§ To do
From the entries below, gather every line containing the string "radius".

§ Raw data
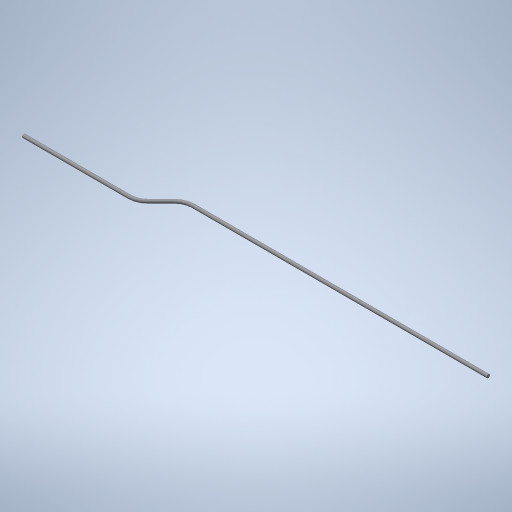
# Autodesk Inventor part: cable medio
Saved by Autodesk Inventor 2023 (Build 270158000, 158)
## iProperties
Created: 2022-10-18
Part Number: cable medio
Material: Generic
Document SubType Name: Modeling
Designer: Xiaba
Density: 1 g/cm^3
Appearance: Default
Author: Xiaba
Autodesk Inventor part; units mm, degrees
ref_plane "YZ Plane" through (0, 0, 0) normal (1, 0, 0) x (0, 1, 0)
ref_plane "XZ Plane" through (0, 0, 0) normal (0, 1, 0) x (-1, 0, 0)
ref_plane "XY Plane" through (0, 0, 0) normal (0, 0, 1) x (1, 0, 0)
sketch "Sketch1" plane through (0, 0, 0) normal (1, 0, 0) x (0, 1, 0)
  circle A0 centre (0, 0) radius 0.45
  dimension "d0" = 0.9
  constraints: 1 centre point, 1 coincident
  measures "d0" diameter of A0
sketch "Sketch2" plane through (0, 0, 0) normal (0, 1, 0) x (-1, 0, 0)
  line L0 (0, 0) -> (0.1, 0)
  line L1 (0.1, 0) -> (78.0289, 0)
  line L2 (81.5645, 1.4645) -> (84.9995, 4.8995)
  line L3 (88.535, 6.364) -> (116.464, 6.364)
  arc A0 (88.535, 6.364) -> (84.9995, 4.8995) centre (88.535, 1.364) ccw
  arc A1 (78.0289, 0) -> (81.5645, 1.4645) centre (78.0289, 5) ccw
  point P0 (80.1, 0)
  point P1 (86.464, 6.364)
  dimension "d1" = 0.1
  dimension "d4" = 80
  dimension "d6" = 9
  dimension "d7" = 30
  dimension "d8" = 5
  constraints: 8 end point, 4 point on circle, 4 point on line, 4 tangent, 3 horizontal, 2 centre point, 1 equal radius
  measures "d1" distance of L0.start L0.end
  measures "d4" distance of L0.end point (80.1, 0)
  measures "d6" distance of point (80.1, 0) point (86.464, 6.364)
  measures "d7" distance of point (86.464, 6.364) L3.end
  measures "d8" radius of A0
sweep "Sweep2" add profiles "Sketch1" path "Sketch2"
body "Solid2"

§ Answer below
  circle A0 centre (0, 0) radius 0.45
  constraints: 8 end point, 4 point on circle, 4 point on line, 4 tangent, 3 horizontal, 2 centre point, 1 equal radius
  measures "d8" radius of A0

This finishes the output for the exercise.